Section 11 of the Constitution enshrines each South African’s right to dignity. This can be read in conjunction with section 28(2) of the Constitution, whereby the best interests of a minor child are paramount in every matter concerning the child. Therefore, where a disabled child is involved, not only must the child’s dignity be protected, but the court must ensure that the best interests of the minor are upheld. In addition to the Constitution, section 8(1) of the Children’s Act 38 of 2005 specifically states that the rights provided to a child under the Children’s Act should be used to supplement the rights provided to a child in terms of the Bill of Rights. The importance of taking a child’s disability into account when making decisions affecting a child with disabilities is clear in terms of section 6(2)(f) of the Children’s Act, as all proceedings must take into account the child’s disabilities and create an enabling environment. Furthermore, section 7(1)(i) indicates that a child’s disability is a factor to take into consideration when determining the best interests of the child. The court cannot ignore these factors when called upon to make a decision regarding a wrongful life claim, but an argument in this regard must be placed before the court.

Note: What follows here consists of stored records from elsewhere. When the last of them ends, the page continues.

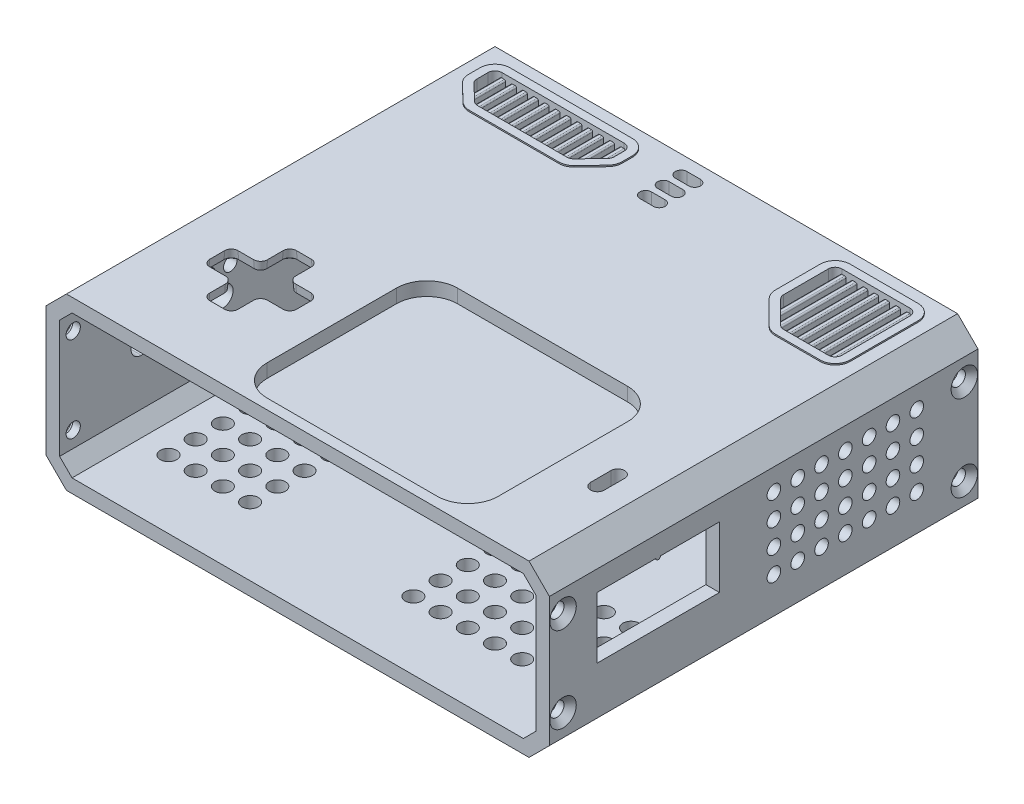
from build123d import *

# Parameters (mm, degrees)
SKETCH_1_W                         = 74
SKETCH_1_H                         = 63
EXTRUDE_1_DEPTH                    = 25
CHAMFER_1_SIZE                     = 3
CUT_EXTRUDE_1_DEPTH                = 78.238017391
CUT_EXTRUDE_2_REACH                = 67.167
SKETCH_6_R                         = 1.05
CUT_EXTRUDE_4_DEPTH                = 92.384239478
CHAMFER_2_SIZE                     = 0.9
CUT_EXTRUDE_5_REACH                = 67.167
CUT_EXTRUDE_6_REACH                = 93.384
CUT_EXTRUDE_7_REACH                = 93.384
SKETCH_9_W                         = 4
SKETCH_9_H                         = 2
FILLET_1_R                         = 1
SKETCH_10_R                        = 1
CUT_EXTRUDE_8_DEPTH                = 2
CUT_EXTRUDE_9_REACH                = 93.384
SKETCH_11_W                        = 18
SKETCH_11_H                        = 9
SKETCH_12_W                        = 2
SKETCH_12_H                        = 7
EXTRUDE_2_DEPTH                    = 20
CHAMFER_3_SIZE                     = 6
SKETCH_13_W                        = 66.34314575
SKETCH_13_H                        = 7
CUT_EXTRUDE_10_DEPTH               = 10
SKETCH_15_R                        = 1
CUT_EXTRUDE_12_DEPTH               = 2
SKETCH_16_W                        = 2
SKETCH_16_H                        = 3
EXTRUDE_3_DEPTH                    = 4
SKETCH_18_R                        = 1.2
CUT_EXTRUDE_13_DEPTH               = 65.426629242
SKETCH_19_R                        = 0.325
EXTRUDE_4_DEPTH                    = 2
EXTRUDE_5_DEPTH                    = 0.2
CUT_EXTRUDE_START                  = -2
CUT_EXTRUDE_15_DEPTH               = 2
SKETCH_23_W                        = 0.8
SKETCH_23_H                        = 13.273646536
SKETCH_23_H_2                      = 8.723645734
EXTRUDE_6_DEPTH                    = 1.5
FILLET_2_R                         = 0.2
CUT_EXTRUDE_16_REACH               = 67.167
JOYBTN_CLEARANCE_0_15MM_5DEG_DEPTH = 2.2
JOYBTN_CLEARANCE_0_15MM_5DEG_DRAFT = 5
CUT_EXTRUDE_18_DEPTH               = 0.8
CUT_EXTRUDE_18_DRAFT               = -26


with BuildPart() as part:
    # 草图1 → 凸台-拉伸1 (new body)
    with BuildSketch(Plane(origin=(0, 0, 0), x_dir=(1, 0, 0), z_dir=(0, 1, 0))):
        with Locations((0.036621478, 15.935)):
            Rectangle(SKETCH_1_W, SKETCH_1_H)
    extrude(amount=EXTRUDE_1_DEPTH)

    # 倒角1
    chamfer_1_edges = [part.edges().sort_by_distance(p)[0] for p in [
        (37.036621478, 25, -15.935),
        (-36.963378522, 25, -15.935),
        (37.036621478, 0, -15.935),
        (-36.963378522, 0, -15.935),
    ]]
    chamfer(chamfer_1_edges, length=CHAMFER_1_SIZE)

    # 草图2 → 切除-拉伸1 (cut, through all)
    with BuildSketch(Plane.XY.offset(15.565)):
        Polygon((-33.134951397, 2), (33.208194353, 2), (35.036621478, 3.828427125), (35.036621478, 21.171572875), (33.208194353, 23), (-33.134951397, 23), (-34.963378522, 21.171572875), (-34.963378522, 3.828427125), align=None)
    extrude(amount=-CUT_EXTRUDE_1_DEPTH, mode=Mode.SUBTRACT)

    # 草图4 → 切除-拉伸2 (cut, up to next)
    with BuildSketch(Plane(origin=(0, 25, 0), x_dir=(1, 0, 0), z_dir=(0, 1, 0)), mode=Mode.PRIVATE) as cut_extrude_2_sk1:
        with BuildLine():
            Line((-5.963378522, 13.935), (19.036621478, 13.935))
            ThreePointArc((19.036621478, 13.935), (22.218601993, 12.616980515), (23.536621478, 9.435))
            Line((23.536621478, 9.435), (23.536621478, -9.565))
            ThreePointArc((23.536621478, -9.565), (22.218601993, -12.746980515), (19.036621478, -14.065))
            Line((19.036621478, -14.065), (-5.963378522, -14.065))
            ThreePointArc((-5.963378522, -14.065), (-9.145359037, -12.746980515), (-10.463378522, -9.565))
            Line((-10.463378522, -9.565), (-10.463378522, 9.435))
            ThreePointArc((-10.463378522, 9.435), (-9.145359037, 12.616980515), (-5.963378522, 13.935))
        make_face()
    cut_extrude_2_tool1 = extrude(cut_extrude_2_sk1.sketch, amount=-CUT_EXTRUDE_2_REACH, mode=Mode.PRIVATE) & part.part
    add(cut_extrude_2_tool1.solids().sort_by_distance((6.536621, 25, 0.065))[0], mode=Mode.SUBTRACT)

    # 草图6 → 切除-拉伸4 (cut, through all)
    with BuildSketch(Plane(origin=(37.036621478, 0, 0), x_dir=(0, 0, -1), z_dir=(1, 0, 0))):
        with Locations((-13.565, 18.8)):
            Circle(SKETCH_6_R)
        with Locations((-13.565, 6.2)):
            Circle(SKETCH_6_R)
        with Locations((45.435, 6.2)):
            Circle(SKETCH_6_R)
        with Locations((45.435, 18.8)):
            Circle(SKETCH_6_R)
    extrude(amount=-CUT_EXTRUDE_4_DEPTH, mode=Mode.SUBTRACT)

    # 倒角2
    chamfer_2_edges = [part.edges().sort_by_distance(p)[0] for p in [
        (-36.963378522, 18.8, -44.385),
        (37.036621478, 18.8, -44.385),
        (-36.963378522, 6.2, -44.385),
        (37.036621478, 6.2, -44.385),
        (-36.963378522, 6.2, 14.615),
        (37.036621478, 6.2, 14.615),
        (-36.963378522, 18.8, 14.615),
        (37.036621478, 18.8, 14.615),
    ]]
    chamfer(chamfer_2_edges, length=CHAMFER_2_SIZE)

    # 草图7 → 切除-拉伸5 (cut, up to next)
    with BuildSketch(Plane(origin=(0, 25, 0), x_dir=(1, 0, 0), z_dir=(0, 1, 0)), mode=Mode.PRIVATE) as cut_extrude_5_sk1:
        with BuildLine():
            Line((30.536621478, 1.9890604), (30.536621478, -1.0109396))
            ThreePointArc((30.536621478, -1.0109396), (29.536621478, -2.0109396), (28.536621478, -1.0109396))
            Line((28.536621478, -1.0109396), (28.536621478, 1.9890604))
            ThreePointArc((28.536621478, 1.9890604), (29.536621478, 2.9890604), (30.536621478, 1.9890604))
        make_face()
    cut_extrude_5_tool1 = extrude(cut_extrude_5_sk1.sketch, amount=-CUT_EXTRUDE_5_REACH, mode=Mode.PRIVATE) & part.part
    add(cut_extrude_5_tool1.solids().sort_by_distance((29.536621, 25, -0.48906))[0], mode=Mode.SUBTRACT)

    # 草图8 → 切除-拉伸6 (cut, up to next)
    with BuildSketch(Plane.ZY.offset(36.963378522), mode=Mode.PRIVATE) as cut_extrude_6_sk1:
        with BuildLine():
            Line((-8.435, 13.7), (3.565, 13.7))
            ThreePointArc((3.565, 13.7), (5.065, 12.2), (3.565, 10.7))
            Line((3.565, 10.7), (-8.435, 10.7))
            ThreePointArc((-8.435, 10.7), (-9.935, 12.2), (-8.435, 13.7))
        make_face()
    cut_extrude_6_tool1 = extrude(cut_extrude_6_sk1.sketch, amount=-CUT_EXTRUDE_6_REACH, mode=Mode.PRIVATE) & part.part
    add(cut_extrude_6_tool1.solids().sort_by_distance((-36.963379, 12.2, -2.435))[0], mode=Mode.SUBTRACT)

    # 草图9 → 切除-拉伸7 (cut, up to next)
    with BuildSketch(Plane.ZY.offset(36.963378522), mode=Mode.PRIVATE) as cut_extrude_7_sk1:
        with Locations((-5.435, 6)):
            Rectangle(SKETCH_9_W, SKETCH_9_H)
    cut_extrude_7_tool1 = extrude(cut_extrude_7_sk1.sketch, amount=-CUT_EXTRUDE_7_REACH, mode=Mode.PRIVATE) & part.part
    add(cut_extrude_7_tool1.solids().sort_by_distance((-36.963379, 6, -5.435))[0], mode=Mode.SUBTRACT)

    # 圆角1
    fillet_1_edges = [part.edges().sort_by_distance(p)[0] for p in [
        (-35.963378522, 5, -3.435),
        (-35.963378522, 7, -3.435),
        (-35.963378522, 7, -7.435),
        (-35.963378522, 5, -7.435),
    ]]
    fillet(fillet_1_edges, radius=FILLET_1_R - 0.0001)  # a hair under: the kernel refuses the full size

    # 草图10 → 切除-拉伸8 (cut)
    with BuildSketch(Plane.ZY.offset(36.963378522)):
        with Locations((6.465, 19)):
            Circle(SKETCH_10_R)
        with Locations((3.265, 19)):
            Circle(SKETCH_10_R)
        with Locations((0.065, 19)):
            Circle(SKETCH_10_R)
        with Locations((-3.135, 19)):
            Circle(SKETCH_10_R)
        with Locations((-6.335, 19)):
            Circle(SKETCH_10_R)
        with Locations((3.265, 15.8)):
            Circle(SKETCH_10_R)
        with Locations((0.065, 15.8)):
            Circle(SKETCH_10_R)
        with Locations((-3.135, 15.8)):
            Circle(SKETCH_10_R)
        with Locations((-6.335, 15.8)):
            Circle(SKETCH_10_R)
        with Locations((6.465, 15.8)):
            Circle(SKETCH_10_R)
        with Locations((-9.535, 19)):
            Circle(SKETCH_10_R)
        with Locations((-12.735, 19)):
            Circle(SKETCH_10_R)
        with Locations((-15.935, 19)):
            Circle(SKETCH_10_R)
        with Locations((-19.135, 19)):
            Circle(SKETCH_10_R)
        with Locations((-22.335, 19)):
            Circle(SKETCH_10_R)
        with Locations((-25.535, 19)):
            Circle(SKETCH_10_R)
        with Locations((-28.735, 19)):
            Circle(SKETCH_10_R)
        with Locations((-31.935, 19)):
            Circle(SKETCH_10_R)
        with Locations((-35.135, 19)):
            Circle(SKETCH_10_R)
        with Locations((-38.335, 19)):
            Circle(SKETCH_10_R)
        with Locations((-9.535, 15.8)):
            Circle(SKETCH_10_R)
        with Locations((-12.735, 15.8)):
            Circle(SKETCH_10_R)
        with Locations((-15.935, 15.8)):
            Circle(SKETCH_10_R)
        with Locations((-19.135, 15.8)):
            Circle(SKETCH_10_R)
        with Locations((-22.335, 15.8)):
            Circle(SKETCH_10_R)
        with Locations((-25.535, 15.8)):
            Circle(SKETCH_10_R)
        with Locations((-28.735, 15.8)):
            Circle(SKETCH_10_R)
        with Locations((-31.935, 15.8)):
            Circle(SKETCH_10_R)
        with Locations((-35.135, 15.8)):
            Circle(SKETCH_10_R)
        with Locations((-38.335, 15.8)):
            Circle(SKETCH_10_R)
    extrude(amount=-CUT_EXTRUDE_8_DEPTH, mode=Mode.SUBTRACT)

    # 草图11 → 切除-拉伸9 (cut, up to next)
    with BuildSketch(Plane(origin=(37.036621478, 0, 0), x_dir=(0, 0, -1), z_dir=(1, 0, 0)), mode=Mode.PRIVATE) as cut_extrude_9_sk1:
        with Locations((0.435, 14.5)):
            Rectangle(SKETCH_11_W, SKETCH_11_H)
    cut_extrude_9_tool1 = extrude(cut_extrude_9_sk1.sketch, amount=-CUT_EXTRUDE_9_REACH, mode=Mode.PRIVATE) & part.part
    add(cut_extrude_9_tool1.solids().sort_by_distance((37.036621, 14.5, -0.435))[0], mode=Mode.SUBTRACT)

    # 草图12 → 凸台-拉伸2 (add)
    with BuildSketch(Plane(origin=(0, 0, -47.435), x_dir=(-1, 0, 0), z_dir=(0, 0, -1))):
        with Locations((25.963378522, 19.5)):
            Rectangle(SKETCH_12_W, SKETCH_12_H)
        with Locations((-16.036621478, 19.5)):
            Rectangle(SKETCH_12_W, SKETCH_12_H)
    extrude(amount=-EXTRUDE_2_DEPTH)

    # 倒角3
    chamfer_3_edges = [part.edges().sort_by_distance(p)[0] for p in [
        (-25.963378522, 16, -27.435),
        (16.036621478, 16, -27.435),
    ]]
    chamfer(chamfer_3_edges, length=CHAMFER_3_SIZE)

    # 草图13 → 切除-拉伸10 (cut)
    with BuildSketch(Plane(origin=(0, 0, -47.435), x_dir=(-1, 0, 0), z_dir=(0, 0, -1))):
        with Locations((-0.036621478, 19.5)):
            Rectangle(SKETCH_13_W, SKETCH_13_H)
    extrude(amount=-CUT_EXTRUDE_10_DEPTH, mode=Mode.SUBTRACT)

    # 草图15 → 切除-拉伸12 (cut)
    with BuildSketch(Plane(origin=(37.036621478, 0, 0), x_dir=(0, 0, -1), z_dir=(1, 0, 0))):
        with Locations((38.435, 18.8)):
            Circle(SKETCH_15_R)
        with Locations((34.935, 18.8)):
            Circle(SKETCH_15_R)
        with Locations((31.435, 18.8)):
            Circle(SKETCH_15_R)
        with Locations((27.935, 18.8)):
            Circle(SKETCH_15_R)
        with Locations((24.435, 18.8)):
            Circle(SKETCH_15_R)
        with Locations((20.935, 18.8)):
            Circle(SKETCH_15_R)
        with Locations((17.435, 18.8)):
            Circle(SKETCH_15_R)
        with Locations((34.935, 15.3)):
            Circle(SKETCH_15_R)
        with Locations((31.435, 15.3)):
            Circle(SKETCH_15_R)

The distinction between wrongful pregnancy, wrongful birth and wrongful life cases is clear. In South Africa, the current law, as decided upon by the Supreme Court of Appeal, is that South Africa does not recognise claims for wrongful life. In order to alter the position, this claim will have to be challenged in the Supreme Court of Appeal or in the Constitutional Court. This may become a possibility in the future.
Internationally, wrongful life suits are recognised in various jurisdictions such as Holland, Israel and certain legal jurisdictions of the United States. Although South Africa does not currently recognise wrongful life suits, should a compelling argument be made to the correct court, there is a possibility that with a change in public policy incorporated with the legislation, the status of wrongful life claims could change.
While it is an unthinkable concept to many that a parent should have to argue that their child should never have been born, for those who are unable to afford the special treatment, schooling, medical and day-to-day expenses required by a disabled child, it may indeed be a necessary evil. Medical practitioners should be aware of the consequences of not properly diagnosing and informing a pregnant woman of the possible disabilities her child may have and should aim to keep proper checks in place to prevent resultant claims.